────── ✦ ──────
ROZDZIAŁ XXXXV: Nasycenie się────── ✦ ──────
Dalekie głosy załogi, szum morza i piski mew były dla nich niesłyszalne, gdy podczas kolejnych pocałunków byli zbyt skupieni na swoich oddechach. Ich ręce wędrowały swobodnie po ciałach, nie ograniczając się już do udawania, że nic dla siebie nie znaczą. To była całkiem przyjemna odmiana, do której byli bardzo chętni przyzwyczaić się.
— Spróbuj tylko ją rozerwać, a cię zabiję — ostrzegła go, gdy Hector miał zamiar złapać jej koszulę i dość szybko się jej pozbyć. Przewrócił oczami rozbawiony na jej słowa, ale posłuchał jej, porzucając pomysł wcześniejszego dosłownego zerwania koszuli z kobiety, pomimo jego wielkich chęci i niecierpliwości.

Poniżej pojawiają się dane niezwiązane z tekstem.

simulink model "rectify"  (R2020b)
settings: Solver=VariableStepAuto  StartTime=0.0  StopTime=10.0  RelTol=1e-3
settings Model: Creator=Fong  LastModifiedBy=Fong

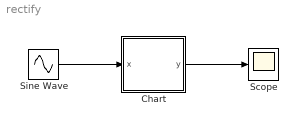
== system rectify ==
  Chart : Stateflow chart  TreatAsAtomicUnit=on
  Scope : Scope
  Sine Wave : Sin  SampleTime=0.2
  wires:
  Sine Wave/1 -> Chart/1(x)
  Chart/1(y) -> Scope/1

== stateflow chart rectify/Chart ==
  state On
    y = x;
  state Off
    y = 0;
  (default) -> On
  On -> Off : [x<t0]
  Off -> On : [x>=t0]
  data: x input double; y output single; t0 constant fixdt(1,5,2) =0

— Masz ich pewnie tysiące, co ci po jednej? — odparł, na co skinęła głową.
— Może, ale lubię ją i muszę wrócić w jednym kawałku na mój statek. Co by sobie pomyśleli moi ludzie? — rzekła, unosząc brew i kładąc swoje ręce na jego ramionach.
— Że pieprzyłaś się z piratem? — powiedział żartobliwie, pozwalając, by ściągnęła z jego głowy kapelusz i płaszcz. W przeciwieństwie do niego robiła to ostrożnie, szanując jego rzeczy, co trochę go niecierpliwiło. Danielle chciała jednak przez to pokazać, że nie jest to byle jaki mężczyzna, z którym chce tylko szybko zaspokoić swoje potrzeby. Chciała pokazać, że jest dla niej kimś więcej.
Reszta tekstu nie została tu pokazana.